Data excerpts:

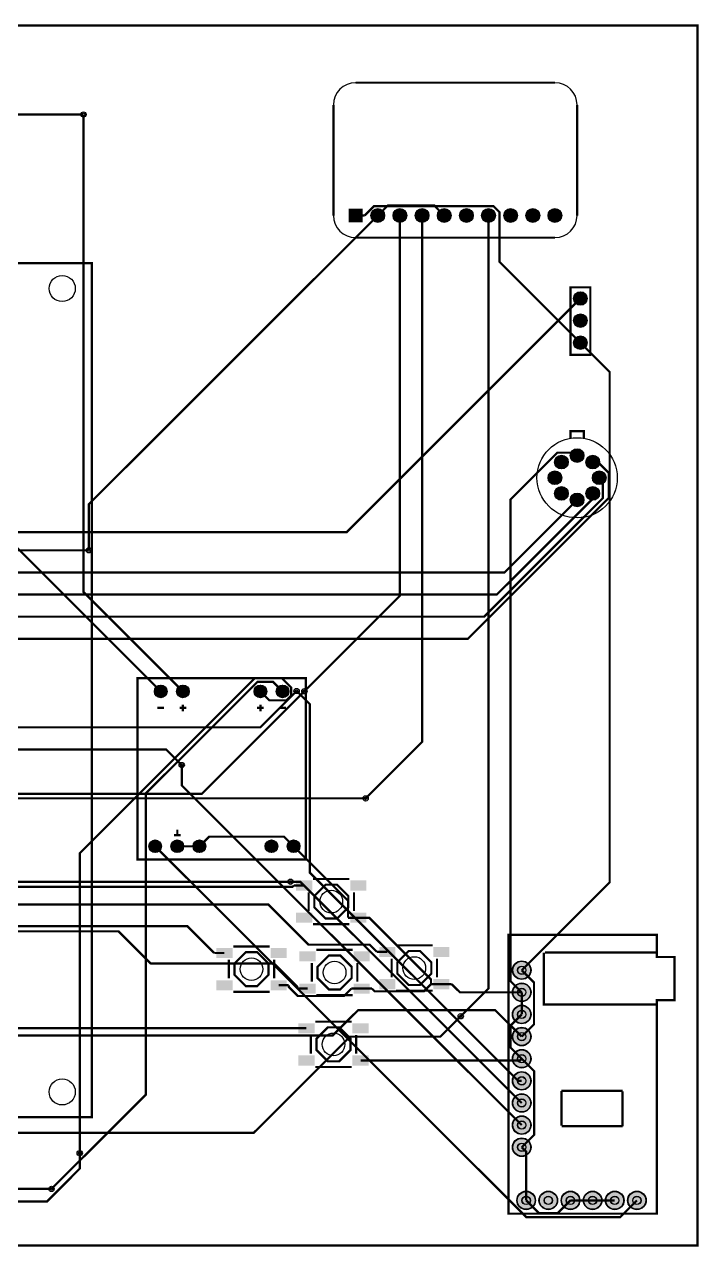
# Model space of a CAD drawing. Header units: millimetres. Extents: x 7 to 217, y -42 to 98.
# Drawn here: x 139.8 to 217.1, y -42.1 to 98.1 of the extents above; entities that cross this region are included whole.
import ezdxf

# ---------------------------------------------------------------- set-up
doc = ezdxf.new("R2010")
doc.units = ezdxf.units.MM
for name, color, linetype, true_color in [('BoardOutLine', 7, 'Continuous', 0xff00ff), ('BottomLayer', 7, 'Continuous', 0x0000ff), ('BottomSolderMaskLayer', 7, 'Continuous', 0xaa00ff), ('Document', 7, 'Continuous', 0xffffff), ('Hole', 7, 'Continuous', 0x222222), ('Multi-Layer', 7, 'Continuous', 0xc0c0c0), ('TopLayer', 7, 'Continuous', 0xff0000), ('TopPasteMaskLayer', 7, 'Continuous', 0x808080), ('TopSilkLayer', 7, 'Continuous', 0xffcc00), ('TopSolderMaskLayer', 7, 'Continuous', 0x800080)]:
    doc.layers.add(name, color=color, linetype=linetype, true_color=true_color)

msp = doc.modelspace()

# ---------------------------------------------------------------- hatches: boundary and pattern name
at = {"layer": 'BottomSolderMaskLayer'}
for points in [[(177.01, 75.41), (177.01, 76.99), (178.59, 76.99), (178.59, 75.41)], [(179.55, 76.2, 1), (181.13, 76.2, 1)], [(182.09, 76.2, 1), (183.67, 76.2, 1)], [(184.63, 76.2, 1), (186.21, 76.2, 1)], [(187.17, 76.2, 1), (188.75, 76.2, 1)], [(189.71, 76.2, 1), (191.29, 76.2, 1)], [(192.25, 76.2, 1), (193.83, 76.2, 1)], [(194.79, 76.2, 1), (196.37, 76.2, 1)], [(197.33, 76.2, 1), (198.91, 76.2, 1)], [(199.87, 76.2, 1), (201.45, 76.2, 1)], [(202.81, 66.68, 1), (204.36, 66.68, 1)], [(202.81, 64.14, 1), (204.36, 64.14, 1)], [(202.81, 61.6, 1), (204.36, 61.6, 1)], [(202.41, 48.64, 1), (203.99, 48.64, 1)], [(200.62, 47.9, 1), (202.19, 47.9, 1)], [(204.21, 47.9, 1), (205.78, 47.9, 1)], [(199.87, 46.1, 1), (201.45, 46.1, 1)], [(204.95, 46.1, 1), (206.53, 46.1, 1)], [(200.62, 44.31, 1), (202.19, 44.31, 1)], [(204.21, 44.31, 1), (205.78, 44.31, 1)], [(202.41, 43.56, 1), (203.99, 43.56, 1)], [(154.72, 21.59, 1), (156.17, 21.59, 1)], [(157.26, 21.59, 1), (158.71, 21.59, 1)], [(166.15, 21.59, 1), (167.6, 21.59, 1)], [(168.69, 21.59, 1), (170.14, 21.59, 1)], [(154.09, 3.81, 1), (155.54, 3.81, 1)], [(156.63, 3.81, 1), (158.08, 3.81, 1)], [(159.17, 3.81, 1), (160.62, 3.81, 1)], [(167.42, 3.81, 1), (168.87, 3.81, 1)], [(169.96, 3.81, 1), (171.41, 3.81, 1)], [(195.78, -10.41, 1), (197.92, -10.41, 1)], [(195.78, -12.95, 1), (197.92, -12.95, 1)], [(195.78, -15.49, 1), (197.92, -15.49, 1)], [(195.78, -18.03, 1), (197.92, -18.03, 1)], [(195.78, -20.57, 1), (197.92, -20.57, 1)], [(195.78, -23.11, 1), (197.92, -23.11, 1)], [(195.78, -25.65, 1), (197.92, -25.65, 1)], [(195.78, -28.19, 1), (197.92, -28.19, 1)], [(195.78, -30.73, 1), (197.92, -30.73, 1)], [(196.29, -36.83, 1), (198.43, -36.83, 1)], [(198.83, -36.83, 1), (200.97, -36.83, 1)], [(201.37, -36.83, 1), (203.51, -36.83, 1)], [(203.91, -36.83, 1), (206.05, -36.83, 1)], [(206.45, -36.83, 1), (208.59, -36.83, 1)], [(208.99, -36.83, 1), (211.13, -36.83, 1)]]:
    msp.add_hatch(color=256, dxfattribs=at).paths.add_polyline_path(points)
at = {"layer": 'Document'}
msp.add_hatch(color=256, dxfattribs=at).paths.add_polyline_path([(202.31, 50.8), (202.31, 51.44), (202.31, 51.45), (202.32, 51.47), (202.32, 51.48), (202.33, 51.5), (202.34, 51.51), (202.35, 51.52), (202.36, 51.54), (202.37, 51.55), (202.39, 51.55), (202.41, 51.56), (202.42, 51.56), (202.44, 51.56), (203.96, 51.56), (203.98, 51.56), (204, 51.56), (204.01, 51.55), (204.03, 51.55), (204.04, 51.54), (204.05, 51.52), (204.06, 51.51), (204.07, 51.5), (204.08, 51.48), (204.09, 51.47), (204.09, 51.45), (204.09, 51.44), (204.09, 50.8), (204.09, 50.78), (204.09, 50.77), (204.08, 50.75), (204.07, 50.74), (204.06, 50.72), (204.05, 50.71), (204.04, 50.7), (204.03, 50.69), (204.01, 50.68), (204, 50.68), (203.98, 50.67), (203.96, 50.67), (203.95, 50.67), (203.93, 50.68), (203.91, 50.68), (203.9, 50.69), (203.89, 50.7), (203.87, 50.71), (203.86, 50.72), (203.85, 50.74), (203.85, 50.75), (203.84, 50.77), (203.84, 50.78), (203.84, 50.8), (203.84, 51.31), (202.57, 51.31), (202.57, 50.8), (202.56, 50.78), (202.56, 50.77), (202.56, 50.75), (202.55, 50.74), (202.54, 50.72), (202.53, 50.71), (202.52, 50.7), (202.5, 50.69), (202.49, 50.68), (202.47, 50.68), (202.45, 50.67), (202.44, 50.67), (202.42, 50.67), (202.41, 50.68), (202.39, 50.68), (202.37, 50.69), (202.36, 50.7), (202.35, 50.71), (202.34, 50.72), (202.33, 50.74), (202.32, 50.75), (202.32, 50.77), (202.31, 50.78), (202.31, 50.8)])
at = {"layer": 'Multi-Layer'}
for points in [[(177.04, 75.44), (177.04, 76.96), (178.56, 76.96), (178.56, 75.44)], [(179.58, 76.2, 1), (181.1, 76.2, 1)], [(182.12, 76.2, 1), (183.64, 76.2, 1)], [(184.66, 76.2, 1), (186.18, 76.2, 1)], [(187.2, 76.2, 1), (188.72, 76.2, 1)], [(189.74, 76.2, 1), (191.26, 76.2, 1)], [(192.28, 76.2, 1), (193.8, 76.2, 1)], [(194.82, 76.2, 1), (196.34, 76.2, 1)], [(197.36, 76.2, 1), (198.88, 76.2, 1)], [(199.9, 76.2, 1), (201.42, 76.2, 1)], [(202.83, 66.68, 1), (204.33, 66.68, 1)], [(202.83, 64.14, 1), (204.33, 64.14, 1)], [(202.83, 61.6, 1), (204.33, 61.6, 1)], [(202.44, 48.64, 1), (203.96, 48.64, 1)], [(200.64, 47.9, 1), (202.17, 47.9, 1)], [(204.23, 47.9, 1), (205.76, 47.9, 1)], [(199.9, 46.1, 1), (201.42, 46.1, 1)], [(204.98, 46.1, 1), (206.5, 46.1, 1)], [(200.64, 44.31, 1), (202.17, 44.31, 1)], [(204.23, 44.31, 1), (205.76, 44.31, 1)], [(202.44, 43.56, 1), (203.96, 43.56, 1)], [(154.75, 21.59, 1), (156.15, 21.59, 1)], [(157.29, 21.59, 1), (158.69, 21.59, 1)], [(166.18, 21.59, 1), (167.58, 21.59, 1)], [(168.72, 21.59, 1), (170.12, 21.59, 1)], [(154.11, 3.81, 1), (155.51, 3.81, 1)], [(156.65, 3.81, 1), (158.05, 3.81, 1)], [(159.19, 3.81, 1), (160.59, 3.81, 1)], [(167.45, 3.81, 1), (168.85, 3.81, 1)], [(169.99, 3.81, 1), (171.39, 3.81, 1)], [(195.83, -10.41, 1), (197.87, -10.41, 1)], [(195.83, -12.95, 1), (197.87, -12.95, 1)], [(195.83, -15.49, 1), (197.87, -15.49, 1)], [(195.83, -18.03, 1), (197.87, -18.03, 1)], [(195.83, -20.57, 1), (197.87, -20.57, 1)], [(195.83, -23.11, 1), (197.87, -23.11, 1)], [(195.83, -25.65, 1), (197.87, -25.65, 1)], [(195.83, -28.19, 1), (197.87, -28.19, 1)], [(195.83, -30.73, 1), (197.87, -30.73, 1)], [(196.34, -36.83, 1), (198.37, -36.83, 1)], [(198.88, -36.83, 1), (200.91, -36.83, 1)], [(201.42, -36.83, 1), (203.45, -36.83, 1)], [(203.96, -36.83, 1), (205.99, -36.83, 1)], [(206.5, -36.83, 1), (208.53, -36.83, 1)], [(209.04, -36.83, 1), (211.07, -36.83, 1)]]:
    msp.add_hatch(color=256, dxfattribs=at).paths.add_polyline_path(points)
at = {"layer": 'TopLayer'}
for points in [[(171.01, -0.14), (172.81, -0.14), (172.81, -1.24), (171.01, -1.24)], [(177.21, -0.14), (179.01, -0.14), (179.01, -1.24), (177.21, -1.24)], [(171.01, -3.84), (172.81, -3.84), (172.81, -4.94), (171.01, -4.94)], [(177.21, -3.84), (179.01, -3.84), (179.01, -4.94), (177.21, -4.94)], [(161.86, -7.89), (163.66, -7.89), (163.66, -8.99), (161.86, -8.99)], [(168.06, -7.89), (169.86, -7.89), (169.86, -8.99), (168.06, -8.99)], [(171.39, -8.27), (173.19, -8.27), (173.19, -9.37), (171.39, -9.37)], [(177.59, -8.27), (179.39, -8.27), (179.39, -9.37), (177.59, -9.37)], [(180.53, -7.76), (182.33, -7.76), (182.33, -8.86), (180.53, -8.86)], [(186.73, -7.76), (188.53, -7.76), (188.53, -8.86), (186.73, -8.86)], [(161.86, -11.59), (163.66, -11.59), (163.66, -12.69), (161.86, -12.69)], [(168.06, -11.59), (169.86, -11.59), (169.86, -12.69), (168.06, -12.69)], [(171.39, -11.97), (173.19, -11.97), (173.19, -13.07), (171.39, -13.07)], [(177.59, -11.97), (179.39, -11.97), (179.39, -13.07), (177.59, -13.07)], [(180.53, -11.46), (182.33, -11.46), (182.33, -12.56), (180.53, -12.56)], [(186.73, -11.46), (188.53, -11.46), (188.53, -12.56), (186.73, -12.56)], [(171.26, -16.52), (173.06, -16.52), (173.06, -17.62), (171.26, -17.62)], [(177.46, -16.52), (179.26, -16.52), (179.26, -17.62), (177.46, -17.62)], [(171.26, -20.22), (173.06, -20.22), (173.06, -21.32), (171.26, -21.32)], [(177.46, -20.22), (179.26, -20.22), (179.26, -21.32), (177.46, -21.32)]]:
    msp.add_hatch(color=256, dxfattribs=at).paths.add_polyline_path(points)
at = {"layer": 'TopPasteMaskLayer'}
for points in [[(171.01, -0.14), (172.81, -0.14), (172.81, -1.24), (171.01, -1.24)], [(177.21, -0.14), (179.01, -0.14), (179.01, -1.24), (177.21, -1.24)], [(171.01, -3.84), (172.81, -3.84), (172.81, -4.94), (171.01, -4.94)], [(177.21, -3.84), (179.01, -3.84), (179.01, -4.94), (177.21, -4.94)], [(161.86, -7.89), (163.66, -7.89), (163.66, -8.99), (161.86, -8.99)], [(168.06, -7.89), (169.86, -7.89), (169.86, -8.99), (168.06, -8.99)], [(171.39, -8.27), (173.19, -8.27), (173.19, -9.37), (171.39, -9.37)], [(177.59, -8.27), (179.39, -8.27), (179.39, -9.37), (177.59, -9.37)], [(180.53, -7.76), (182.33, -7.76), (182.33, -8.86), (180.53, -8.86)], [(186.73, -7.76), (188.53, -7.76), (188.53, -8.86), (186.73, -8.86)], [(161.86, -11.59), (163.66, -11.59), (163.66, -12.69), (161.86, -12.69)], [(168.06, -11.59), (169.86, -11.59), (169.86, -12.69), (168.06, -12.69)], [(171.39, -11.97), (173.19, -11.97), (173.19, -13.07), (171.39, -13.07)], [(177.59, -11.97), (179.39, -11.97), (179.39, -13.07), (177.59, -13.07)], [(180.53, -11.46), (182.33, -11.46), (182.33, -12.56), (180.53, -12.56)], [(186.73, -11.46), (188.53, -11.46), (188.53, -12.56), (186.73, -12.56)], [(171.26, -16.52), (173.06, -16.52), (173.06, -17.62), (171.26, -17.62)], [(177.46, -16.52), (179.26, -16.52), (179.26, -17.62), (177.46, -17.62)], [(171.26, -20.22), (173.06, -20.22), (173.06, -21.32), (171.26, -21.32)], [(177.46, -20.22), (179.26, -20.22), (179.26, -21.32), (177.46, -21.32)]]:
    msp.add_hatch(color=256, dxfattribs=at).paths.add_polyline_path(points)
at = {"layer": 'TopSolderMaskLayer'}
for points in [[(177.01, 75.41), (177.01, 76.99), (178.59, 76.99), (178.59, 75.41)], [(179.55, 76.2, 1), (181.13, 76.2, 1)], [(182.09, 76.2, 1), (183.67, 76.2, 1)], [(184.63, 76.2, 1), (186.21, 76.2, 1)], [(187.17, 76.2, 1), (188.75, 76.2, 1)], [(189.71, 76.2, 1), (191.29, 76.2, 1)], [(192.25, 76.2, 1), (193.83, 76.2, 1)], [(194.79, 76.2, 1), (196.37, 76.2, 1)], [(197.33, 76.2, 1), (198.91, 76.2, 1)], [(199.87, 76.2, 1), (201.45, 76.2, 1)], [(202.81, 66.68, 1), (204.36, 66.68, 1)], [(202.81, 64.14, 1), (204.36, 64.14, 1)], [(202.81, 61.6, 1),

DIRECTIONS FOR THIS TASK:
Pick every line of the data that includes the string "BottomSolderMaskLayer".

ANSWER SECTION:
for name, color, linetype, true_color in [('BoardOutLine', 7, 'Continuous', 0xff00ff), ('BottomLayer', 7, 'Continuous', 0x0000ff), ('BottomSolderMaskLayer', 7, 'Continuous', 0xaa00ff), ('Document', 7, 'Continuous', 0xffffff), ('Hole', 7, 'Continuous', 0x222222), ('Multi-Layer', 7, 'Continuous', 0xc0c0c0), ('TopLayer', 7, 'Continuous', 0xff0000), ('TopPasteMaskLayer', 7, 'Continuous', 0x808080), ('TopSilkLayer', 7, 'Continuous', 0xffcc00), ('TopSolderMaskLayer', 7, 'Continuous', 0x800080)]:
at = {"layer": 'BottomSolderMaskLayer'}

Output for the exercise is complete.